So, here some of the instructions, which are appearing all the time in my existing code, or which I would consider usefull implemented as single byte opcodes (there are something like 7 to 11 single byte opcodes, which no-one or at least I am not using)
LD rr,(HL) where rr=BC, DE, HL
LD (HL),ss where ss=BC or DE
INC2 HL same as INC HL two times
DEC2 HL
These are appearing so often, that in my assembler I have created pseudo-opcodes like LD DE,(HL)++ or LD HL,(HL).
For the compiler I would like to have following two single byte opcodes:
LD DE,(nn) where nn is 16 bit memory address
LD HL,SP+s i.e. HL gets the sum of SP and an 8-bit signed constanst; usefull not only for allocating/deallocating space from stack, but also building a reference to a variable in stack.
And what Z80 is really missing, is couple of indexing registers besides the IX and IY; so I would allocate two of the available single byte opcodes to prefixes for handling these new registers.
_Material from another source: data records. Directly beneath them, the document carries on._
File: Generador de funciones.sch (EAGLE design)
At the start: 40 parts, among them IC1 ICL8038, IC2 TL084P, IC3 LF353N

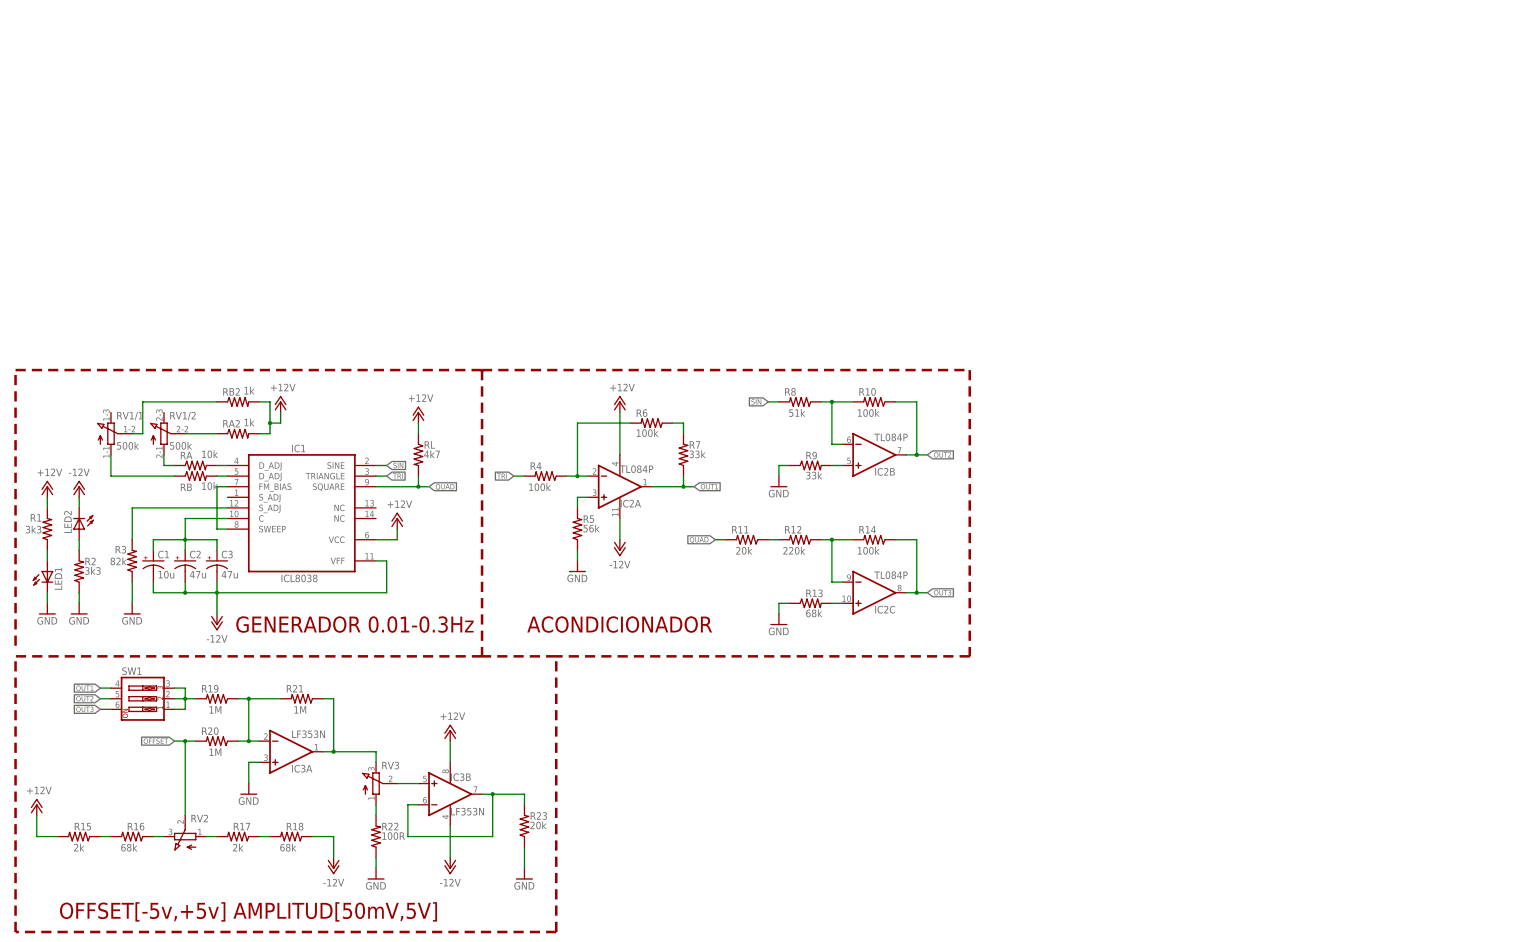
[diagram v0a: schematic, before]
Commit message: Terminado SCH. Andersson Inicia BRD
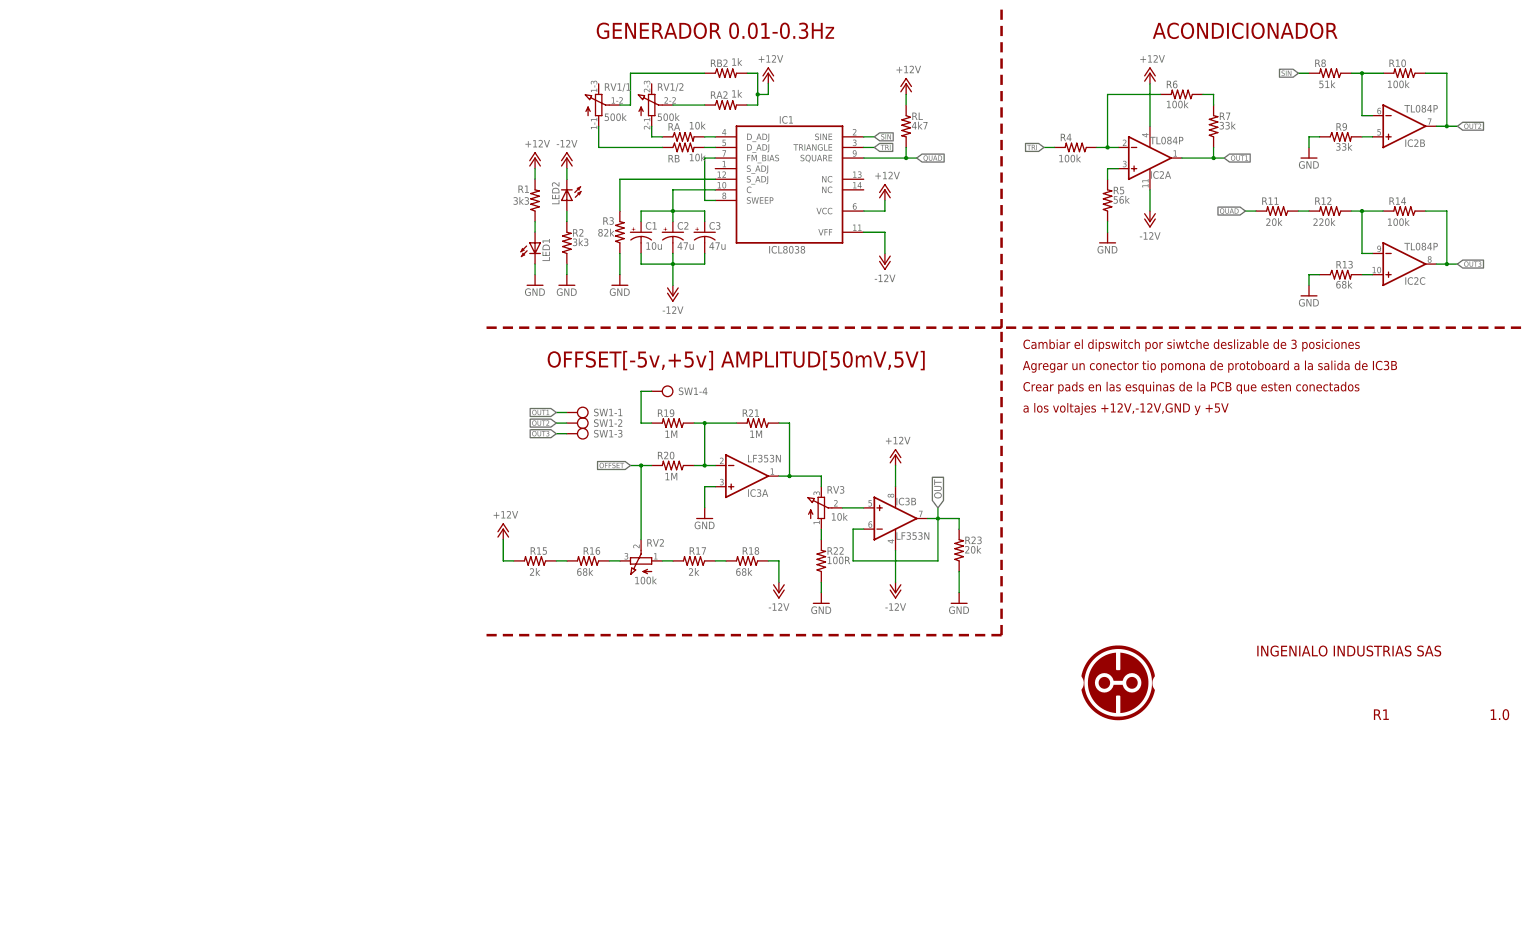
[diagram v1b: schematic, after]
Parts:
- added U$1: LOGO_REDUCIDO, Ingenialo_logos:LOGO_REDUCIDO
- RV2: value (none) -> 100k
- RV3: value (none) -> 10k
- SW1: device special:SW_DIP-3 -> con-ptr500:AK500/4
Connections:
- net N$29 renamed OUT
- net N$20: now also SW1-4.KL; no longer SW1.1, SW1.2, SW1.3
- net OUT1: now also SW1-1.KL; no longer SW1.4
- net OUT2: now also SW1-2.KL; no longer SW1.5
- net OUT3: now also SW1-3.KL; no longer SW1.6
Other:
- note added: "1.0"
- note added: "Agregar un conector tio pomona de protoboard a la salida de IC3B"
- note added: "Cambiar el dipswitch por siwtche deslizable de 3 posiciones"
- note added: "Crear pads en las esquinas de la PCB que esten conectados"
- note added: "INGENIALO INDUSTRIAS SAS"
- note added: "R1"
- note added: "a los voltajes +12V,-12V,GND y +5V"
- moved on the sheet: C1, C2, C3, IC1, IC2A, IC2B, IC2C, IC3A, IC3B, LED1, LED2, R1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

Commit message: Terminado Ubicacion de componentes. Inicio del ruteo
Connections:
- net +12V: now also LED1.A; no longer R1.2
- net GND: now also R1.1; no longer LED1.C
- net N$10: now also LED1.C, R1.2; no longer LED1.A, R1.1
- net OUT1: now also SW1-3.KL; no longer SW1-1.KL
- net OUT3: now also SW1-1.KL; no longer SW1-3.KL
- net SIN: now also R4.2; no longer R8.2
- net TRI: now also R8.2; no longer R4.2
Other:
- note removed: "Agregar un conector tio pomona de protoboard a la salida de IC3B"
- note removed: "Cambiar el dipswitch por siwtche deslizable de 3 posiciones"
- note removed: "Crear pads en las esquinas de la PCB que esten conectados"
- note removed: "a los voltajes +12V,-12V,GND y +5V"
- moved on the sheet: LED1, R1
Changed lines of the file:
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@@
 <text x="218.44" y="5.08" size="2.54" layer="94" ratio="10">R1</text>
 <text x="246.38" y="5.08" size="2.54" layer="94" ratio="10">1.0</text>
-<text x="134.62" y="93.98" size="2.1844" layer="94">Cambiar el dipswitch por siwtche deslizable de 3 posiciones</text>
-<text x="134.62" y="88.9" size="2.1844" layer="94">Agregar un conector tio pomona de protoboard a la salida de IC3B</text>
-<text x="134.62" y="83.82" size="2.1844" layer="94">Crear pads en las esquinas de la PCB que esten conectados</text>
-<text x="134.62" y="78.74" size="2.1844" layer="94">a los voltajes +12V,-12V,GND y +5V</text>
 </plain>
 <instances>
@@
 <attribute name="VALUE" x="35.56" y="106.68" size="1.778" layer="96"/>
 </instance>
-<instance part="LED1" gate="G$1" x="17.78" y="119.38"/>
+<instance part="LED1" gate="G$1" x="17.78" y="132.08"/>
 <instance part="LED2" gate="G$1" x="25.4" y="129.54" rot="R180"/>
 <instance part="RB2" gate="G$1" x="63.5" y="160.02" smashed="yes">
@@
 <attribute name="VALUE" x="104.14" y="160.02" size="1.778" layer="96"/>
 </instance>
-<instance part="R1" gate="G$1" x="17.78" y="129.54" smashed="yes" rot="R90">
-<attribute name="NAME" x="16.51" y="133.1214" size="1.778" layer="95" rot="R180"/>
-<attribute name="VALUE" x="16.51" y="130.302" size="1.778" layer="96" rot="R180"/>
+<instance part="R1" gate="G$1" x="17.78" y="119.38" smashed="yes" rot="R90">
+<attribute name="NAME" x="16.51" y="122.9614" size="1.778" layer="95" rot="R180"/>
+<attribute name="VALUE" x="16.51" y="120.142" size="1.778" layer="96" rot="R180"/>
 </instance>
 <instance part="R2" gate="G$1" x="25.4" y="119.38" smashed="yes" rot="R90">
@@
 </segment>
 <segment>
-<pinref part="LED1" gate="G$1" pin="C"/>
-<pinref part="GND2" gate="1" pin="GND"/>
-<wire x1="17.78" y1="114.3" x2="17.78" y2="111.76" width="0.1524" layer="91"/>
-</segment>
-<segment>
 <pinref part="R2" gate="G$1" pin="1"/>
 <pinref part="GND3" gate="1" pin="GND"/>
@@
 <pinref part="GND9" gate="1" pin="GND"/>
 <wire x1="119.38" y1="40.64" x2="119.38" y2="35.56" width="0.1524" layer="91"/>
+</segment>
+<segment>
+<pinref part="R1" gate="G$1" pin="1"/>
+<pinref part="GND2" gate="1" pin="GND"/>
+<wire x1="17.78" y1="114.3" x2="17.78" y2="111.76" width="0.1524" layer="91"/>
 </segment>
 </net>
@@
 </segment>
 <segment>
-<pinref part="P+4" gate="1" pin="+12V"/>
-<pinref part="R1" gate="G$1" pin="2"/>
-<wire x1="17.78" y1="137.16" x2="17.78" y2="134.62" width="0.1524" layer="91"/>
-</segment>
-<segment>
 <pinref part="P+5" gate="1" pin="+12V"/>
 <pinref part="IC2" gate="P" pin="V+"/>
@@
 <pinref part="IC3" gate="P" pin="V+"/>
 <wire x1="104.14" y1="66.04" x2="104.14" y2="60.96" width="0.1524" layer="91"/>
+</segment>
+<segment>
+<pinref part="LED1" gate="G$1" pin="A"/>
+<pinref part="P+4" gate="1" pin="+12V"/>
+<wire x1="17.78" y1="134.62" x2="17.78" y2="137.16" width="0.1524" layer="91"/>
 </segment>
 </net>
@@
 </segment>
 <segment>
+<pinref part="R4" gate="G$1" pin="2"/>
+<wire x1="142.24" y1="142.24" x2="139.7" y2="142.24" width="0.1524" layer="91"/>
+<label x="139.7" y="142.24" size="1.27" layer="95" rot="R180" xref="yes"/>
+</segment>
+</net>
+<net name="TRI" class="0">
+<segment>
+<pinref part="IC1" gate="G$1" pin="TRIANGLE"/>
+<wire x1="96.52" y1="142.24" x2="99.06" y2="142.24" width="0.1524" layer="91"/>
+<label x="99.06" y="142.24" size="1.27" layer="95" xref="yes"/>
+</segment>
+<segment>
 <pinref part="R8" gate="G$1" pin="2"/>
 <wire x1="203.2" y1="160.02" x2="200.66" y2="160.02" width="0.1524" layer="91"/>
 <label x="200.66" y="160.02" size="1.27" layer="95" rot="R180" xref="yes"/>
-</segment>
-</net>
-<net name="TRI" class="0">
-<segment>
-<pinref part="IC1" gate="G$1" pin="TRIANGLE"/>
-<wire x1="96.52" y1="142.24" x2="99.06" y2="142.24" width="0.1524" layer="91"/>
-<label x="99.06" y="142.24" size="1.27" layer="95" xref="yes"/>
-</segment>
-<segment>
-<pinref part="R4" gate="G$1" pin="2"/>
-<wire x1="142.24" y1="142.24" x2="139.7" y2="142.24" width="0.1524" layer="91"/>
-<label x="139.7" y="142.24" size="1.27" layer="95" rot="R180" xref="yes"/>
 </segment>
 </net>
@@
 </segment>
 </net>
-<net name="N$10" class="0">
-<segment>
-<pinref part="R1" gate="G$1" pin="1"/>
-<pinref part="LED1" gate="G$1" pin="A"/>
-<wire x1="17.78" y1="124.46" x2="17.78" y2="121.92" width="0.1524" layer="91"/>
-</segment>
-</net>
 <net name="N$11" class="0">
 <segment>
@@
 </segment>
 <segment>
-<wire x1="25.4" y1="78.74" x2="22.86" y2="78.74" width="0.1524" layer="91"/>
-<label x="22.86" y="78.74" size="1.27" layer="95" rot="R180" xref="yes"/>
-<pinref part="SW1" gate="-1" pin="KL"/>
+<wire x1="25.4" y1="73.66" x2="22.86" y2="73.66" width="0.1524" layer="91"/>
+<label x="22.86" y="73.66" size="1.27" layer="95" rot="R180" xref="yes"/>
+<pinref part="SW1" gate="-3" pin="KL"/>
 </segment>
 </net>
@@
 <net name="OUT3" class="0">
 <segment>
-<wire x1="25.4" y1="73.66" x2="22.86" y2="73.66" width="0.1524" layer="91"/>
-<label x="22.86" y="73.66" size="1.27" layer="95" rot="R180" xref="yes"/>
-<pinref part="SW1" gate="-3" pin="KL"/>
-</segment>
-<segment>
 <pinref part="IC2" gate="C" pin="OUT"/>
 <wire x1="233.68" y1="114.3" x2="236.22" y2="114.3" width="0.1524" layer="91"/>
@@
 <wire x1="236.22" y1="114.3" x2="238.76" y2="114.3" width="0.1524" layer="91"/>
 <label x="238.76" y="114.3" size="1.27" layer="95" xref="yes"/>
+</segment>
+<segment>
+<wire x1="25.4" y1="78.74" x2="22.86" y2="78.74" width="0.1524" layer="91"/>
+<label x="22.86" y="78.74" size="1.27" layer="95" rot="R180" xref="yes"/>
+<pinref part="SW1" gate="-1" pin="KL"/>
 </segment>
 </net>
@@
 </segment>
 </net>
+<net name="N$10" class="0">
+<segment>
+<pinref part="LED1" gate="G$1" pin="C"/>
+<pinref part="R1" gate="G$1" pin="2"/>
+<wire x1="17.78" y1="127" x2="17.78" y2="124.46" width="0.1524" layer="91"/>
+</segment>
+</net>

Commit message: Generado imagenes SCH y BRD
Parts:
- removed U$1: LOGO_REDUCIDO, Ingenialo_logos:LOGO_REDUCIDO
- added FRAME1: A4_HORIZONTAL, Circuitos-Creativos-Estilos:A4_HORIZONTAL
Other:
- note removed: "INGENIALO INDUSTRIAS SAS"
- moved on the sheet: C1, C2, C3, IC1, IC2A, IC2B, IC2C, IC3A, IC3B, LED1, LED2, R1

Another area where Z80 is lacking, is 16-bit operations. I really would like to have instructions like LD DE,(IX+n) implemented with just 3 bytes, instead of the current 6 bytes (I have also these pseudo-opcodes in my assembler, however, the saving in memory usage would really be wellcome). And yeah, there are a few other opcodes, which would be rather useful...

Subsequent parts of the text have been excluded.